The health benefits of vitamin A are:

  • Protects your eyes from the dangers of night blindness and age-related decline: Vitamin A is essential in preserving your eyesight. The vitamin converts the light that enters your eyes into the form of an electrical signal sent by the brain. The initial sign of vitamin A deficiency is night blindness, known as nyctalopia. 
     
  • May lower your risks of certain cancers: Cancers occur when the formation or division of unwanted cells in the body. As vitamin A plays a vital role in the growth of the cell, it may influence cancer risks. However, the high levels of vitamin A from plant-based food can help in reducing the chances of cancer cells.
     
  •  Healthy Immune System: Vitamin A plays an influential role in maintaining your body's natural defense system. Including the mucous barrier in your eyes, gut, and genitals that help trap the bacterial agents.

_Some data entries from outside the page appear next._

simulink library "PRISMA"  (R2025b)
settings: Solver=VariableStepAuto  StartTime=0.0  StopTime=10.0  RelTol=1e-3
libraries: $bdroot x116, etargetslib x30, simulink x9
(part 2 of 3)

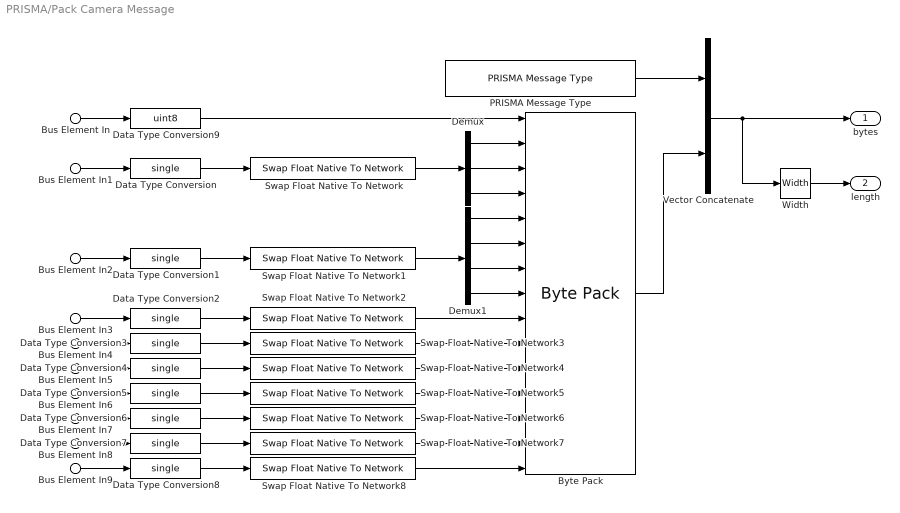
== system PRISMA/Pack Camera Message ==
  Bus Element In : Inport  PortName=camera  Element=mode
  Bus Element In1 : Inport  PortName=camera  Element=position
  Bus Element In2 : Inport  PortName=camera  Element=quaternion
  Bus Element In3 : Inport  PortName=camera  Element=clipNear
  Bus Element In4 : Inport  PortName=camera  Element=clipFar
  Bus Element In5 : Inport  PortName=camera  Element=orthographicLeft
  Bus Element In6 : Inport  PortName=camera  Element=orthographicRight
  Bus Element In7 : Inport  PortName=camera  Element=orthographicBottom
  Bus Element In8 : Inport  PortName=camera  Element=orthographicTop
  Bus Element In9 : Inport  PortName=camera  Element=perspectiveFieldOfView
  Byte Pack : etargetslib/Byte Pack  datatypes={'uint8','single','single','single','single','single','single','single','single','single','single','single','single','single','single'}  byteAlign=1
  Data Type Conversion{,1..8} (9 alike) : DataTypeConversion  OutDataTypeStr=single  SaturateOnIntegerOverflow=off  RndMeth=Floor
  Data Type Conversion9 : DataTypeConversion  OutDataTypeStr=uint8  SaturateOnIntegerOverflow=off  RndMeth=Floor
  Demux : Demux  Outputs=3
  Demux1 : Demux
  PRISMA Message Type : $bdroot/details/PRISMA Message Type  messageType=Camera
  Swap Float Native To Network{,1..8} (9 alike) : $bdroot/details/Swap Float Native To Network
  Vector Concatenate : Concatenate
  Width : Width  DataType=int32
  bytes : Outport  OutDataTypeStr=uint8
  length : Outport  Port=2  OutDataTypeStr=int32  PortDimensions=1
  wires:
  Bus Element In9/1 -> Data Type Conversion8/1
  Bus Element In8/1 -> Data Type Conversion7/1
  Bus Element In7/1 -> Data Type Conversion6/1
  Bus Element In6/1 -> Data Type Conversion5/1
  Bus Element In5/1 -> Data Type Conversion4/1
  Bus Element In4/1 -> Data Type Conversion3/1
  Bus Element In3/1 -> Data Type Conversion2/1
  Data Type Conversion6/1 -> Swap Float Native To Network6/1
  Data Type Conversion8/1 -> Swap Float Native To Network8/1
  Data Type Conversion7/1 -> Swap Float Native To Network7/1
  Data Type Conversion4/1 -> Swap Float Native To Network4/1
  Data Type Conversion5/1 -> Swap Float Native To Network5/1
  Data Type Conversion3/1 -> Swap Float Native To Network3/1
  Data Type Conversion2/1 -> Swap Float Native To Network2/1
  Bus Element In/1 -> Data Type Conversion9/1
  Bus Element In2/1 -> Data Type Conversion1/1
  Data Type Conversion1/1 -> Swap Float Native To Network1/1
  Demux1/4 -> Byte Pack/8
  Demux1/3 -> Byte Pack/7
  Demux1/2 -> Byte Pack/6
  Demux1/1 -> Byte Pack/5
  Bus Element In1/1 -> Data Type Conversion/1
  Demux/3 -> Byte Pack/4
  Demux/2 -> Byte Pack/3
  Demux/1 -> Byte Pack/2
  Data Type Conversion/1 -> Swap Float Native To Network/1
  PRISMA Message Type/1 -> Vector Concatenate/1
  Byte Pack/1 -> Vector Concatenate/2
  Vector Concatenate/1 -> Width/1, bytes/1
  Width/1 -> length/1
  Data Type Conversion9/1 -> Byte Pack/1
  Swap Float Native To Network/1 -> Demux/1
  Swap Float Native To Network1/1 -> Demux1/1
  Swap Float Native To Network2/1 -> Byte Pack/9
  Swap Float Native To Network3/1 -> Byte Pack/10
  Swap Float Native To Network4/1 -> Byte Pack/11
  Swap Float Native To Network5/1 -> Byte Pack/12
  Swap Float Native To Network6/1 -> Byte Pack/13
  Swap Float Native To Network7/1 -> Byte Pack/14
  Swap Float Native To Network8/1 -> Byte Pack/15

== system PRISMA/Pack Clear Message ==
  PRISMA Message Type : $bdroot/details/PRISMA Message Type  messageType=Clear
  Width : Width  DataType=int32
  bytes : Outport  OutDataTypeStr=uint8
  length : Outport  Port=2  OutDataTypeStr=int32  PortDimensions=1
  wires:
  Width/1 -> length/1
  PRISMA Message Type/1 -> bytes/1, Width/1

== system PRISMA/Pack Directional Light Message ==
  Bus Element In : Inport  PortName=directionalLight  Element=shouldBeDeleted
  Bus Element In1 : Inport  PortName=directionalLight  Element=directionalLightID
  Bus Element In2 : Inport  PortName=directionalLight  Element=visible
  Bus Element In3 : Inport  PortName=directionalLight  Element=color
  Bus Element In4 : Inport  PortName=directionalLight  Element=direction
  Byte Pack : etargetslib/Byte Pack  datatypes={'uint32','uint8','single','single','single','single','single','single'}  byteAlign=1
  Constant : Constant  Value=false  OutDataTypeStr=boolean
  Data Type Conversion : DataTypeConversion  OutDataTypeStr=single  SaturateOnIntegerOverflow=off  RndMeth=Floor
  Data Type Conversion1 : DataTypeConversion  OutDataTypeStr=uint32  SaturateOnIntegerOverflow=off  RndMeth=Floor
  Data Type Conversion2 : DataTypeConversion  OutDataTypeStr=single  SaturateOnIntegerOverflow=off  RndMeth=Floor
  Data Type Conversion3 : DataTypeConversion  OutDataTypeStr=boolean  SaturateOnIntegerOverflow=off  RndMeth=Floor
  Data Type Conversion4 : DataTypeConversion  OutDataTypeStr=boolean  SaturateOnIntegerOverflow=off  RndMeth=Floor
  Demux : Demux  Outputs=3
  Demux1 : Demux  Outputs=3
  Mux : Mux  Inputs=8
  PRISMA Bitfield To Byte : $bdroot/details/PRISMA Bitfield To Byte
  PRISMA Message Type : $bdroot/details/PRISMA Message Type  messageType=Directional Light
  Swap Float Native To Network : $bdroot/details/Swap Float Native To Network
  Swap Float Native To Network1 : $bdroot/details/Swap Float Native To Network
  Swap Uint32 Native To Network : $bdroot/details/Swap Uint32 Native To Network
  Vector Concatenate : Concatenate
  Width : Width  DataType=int32
  bytes : Outport  OutDataTypeStr=uint8
  length : Outport  Port=2  OutDataTypeStr=int32  PortDimensions=1
  wires:
  Bus Element In4/1 -> Data Type Conversion2/1
  Bus Element In3/1 -> Data Type Conversion/1
  Demux1/1 -> Byte Pack/6
  Demux1/2 -> Byte Pack/7
  Demux1/3 -> Byte Pack/8
  Demux/1 -> Byte Pack/3
  Demux/2 -> Byte Pack/4
  Demux/3 -> Byte Pack/5
  Data Type Conversion2/1 -> Swap Float Native To Network1/1
  Bus Element In2/1 -> Data Type Conversion4/1
  Bus Element In/1 -> Data Type Conversion3/1
  PRISMA Bitfield To Byte/1 -> Byte Pack/2
  Constant/1 -> Mux/8, Mux/3, Mux/4, Mux/5, Mux/6, Mux/7
  Mux/1 -> PRISMA Bitfield To Byte/1
  Bus Element In1/1 -> Data Type Conversion1/1
  Data Type Conversion1/1 -> Swap Uint32 Native To Network/1
  Data Type Conversion/1 -> Swap Float Native To Network/1
  PRISMA Message Type/1 -> Vector Concatenate/1
  Byte Pack/1 -> Vector Concatenate/2
  Vector Concatenate/1 -> Width/1, bytes/1
  Width/1 -> length/1
  Data Type Conversion3/1 -> Mux/1
  Data Type Conversion4/1 -> Mux/2
  Swap Uint32 Native To Network/1 -> Byte Pack/1
  Swap Float Native To Network/1 -> Demux/1
  Swap Float Native To Network1/1 -> Demux1/1

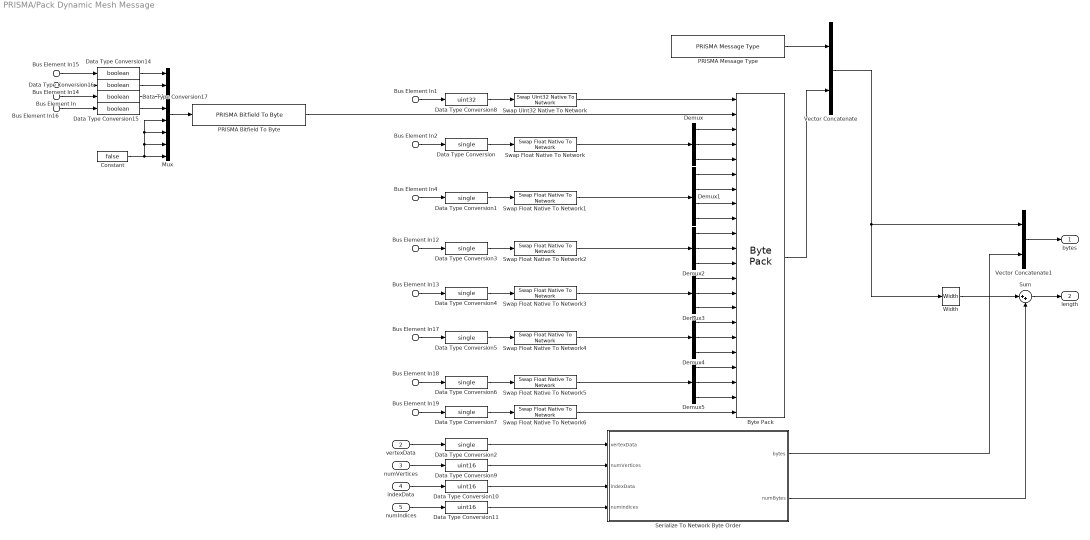
== system PRISMA/Pack Dynamic Mesh Message ==
  Bus Element In14 : Inport  PortName=dynamicMesh  Element=updateMesh
  Bus Element In : Inport  PortName=dynamicMesh  Element=visible
  Bus Element In15 : Inport  PortName=dynamicMesh  Element=shouldBeDeleted
  Bus Element In16 : Inport  PortName=dynamicMesh  Element=castShadow
  Bus Element In1 : Inport  PortName=dynamicMesh  Element=meshID
  Bus Element In2 : Inport  PortName=dynamicMesh  Element=position
  Bus Element In4 : Inport  PortName=dynamicMesh  Element=quaternion
  Bus Element In12 : Inport  PortName=dynamicMesh  Element=scale
  Bus Element In13 : Inport  PortName=dynamicMesh  Element=diffuseColorMultiplier
  Bus Element In17 : Inport  PortName=dynamicMesh  Element=specularColorMultiplier
  Bus Element In18 : Inport  PortName=dynamicMesh  Element=emissionColorMultiplier
  Bus Element In19 : Inport  PortName=dynamicMesh  Element=shininessMultiplier
  vertexData : Inport  Port=2  PortDimensions=[6,2000]
  numVertices : Inport  Port=3  PortDimensions=1
  indexData : Inport  Port=4  PortDimensions=10000
  numIndices : Inport  Port=5  PortDimensions=1
  Byte Pack : etargetslib/Byte Pack  datatypes={'uint32','uint8','single','single','single','single','single','single','single','single','single','single','single','single','single','single','single','single','single','single','single','single'}  byteAlign=1
  Constant : Constant  Value=false  OutDataTypeStr=boolean
  Data Type Conversion{,1..7} (8 alike) : DataTypeConversion  OutDataTypeStr=single  SaturateOnIntegerOverflow=off  RndMeth=Floor
  Data Type Conversion10 : DataTypeConversion  OutDataTypeStr=uint16  SaturateOnIntegerOverflow=off  RndMeth=Floor
  Data Type Conversion11 : DataTypeConversion  OutDataTypeStr=uint16  SaturateOnIntegerOverflow=off  RndMeth=Floor
  Data Type Conversion{14..17} (4 alike) : DataTypeConversion  OutDataTypeStr=boolean  SaturateOnIntegerOverflow=off  RndMeth=Floor
  Data Type Conversion8 : DataTypeConversion  OutDataTypeStr=uint32  SaturateOnIntegerOverflow=off  RndMeth=Floor
  Data Type Conversion9 : DataTypeConversion  OutDataTypeStr=uint16  SaturateOnIntegerOverflow=off  RndMeth=Floor
  Demux{,2..5} (5 alike) : Demux  Outputs=3
  Demux1 : Demux
  Mux : Mux  Inputs=8
  PRISMA Bitfield To Byte : $bdroot/details/PRISMA Bitfield To Byte
  PRISMA Message Type : $bdroot/details/PRISMA Message Type  messageType=Dynamic Mesh
  Serialize To Network Byte Order : MATLAB Function  TreatAsAtomicUnit=on
  Sum : Sum  Inputs=|++
  Swap Float Native To Network{,1..6} (7 alike) : $bdroot/details/Swap Float Native To Network
  Swap Uint32 Native To Network : $bdroot/details/Swap Uint32 Native To Network
  Vector Concatenate : Concatenate
  Vector Concatenate1 : Concatenate
  Width : Width  DataType=int32
  bytes : Outport  OutDataTypeStr=uint8
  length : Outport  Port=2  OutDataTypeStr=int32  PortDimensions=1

Vitamin A is also related to the production and functioning of white blood cells. Hence vitamin A deficiency can lead to infections and delay in its recovery.
     
  • Reduces your risks of acne: Acne is a chronic, inflammatory skin disorder. People suffering from acne develop painful cysts, blackheads, and marks on the face, back, and chest. Vitamin A deficiency can create risks for the development of acne. Kale, meat, and fish are rich sources of vitamin A taken to reduce acne on the skin. 

Bottom Line

Eating a variety of food rich in vitamin A, especially fruits and vegetables, help protect against certain diseases. But on the other hand, vitamin A deficiency can create various conditions in the body. Hence it is essential that a person at least takes an average daily portion of vitamin A needed for the body for its bodily functions.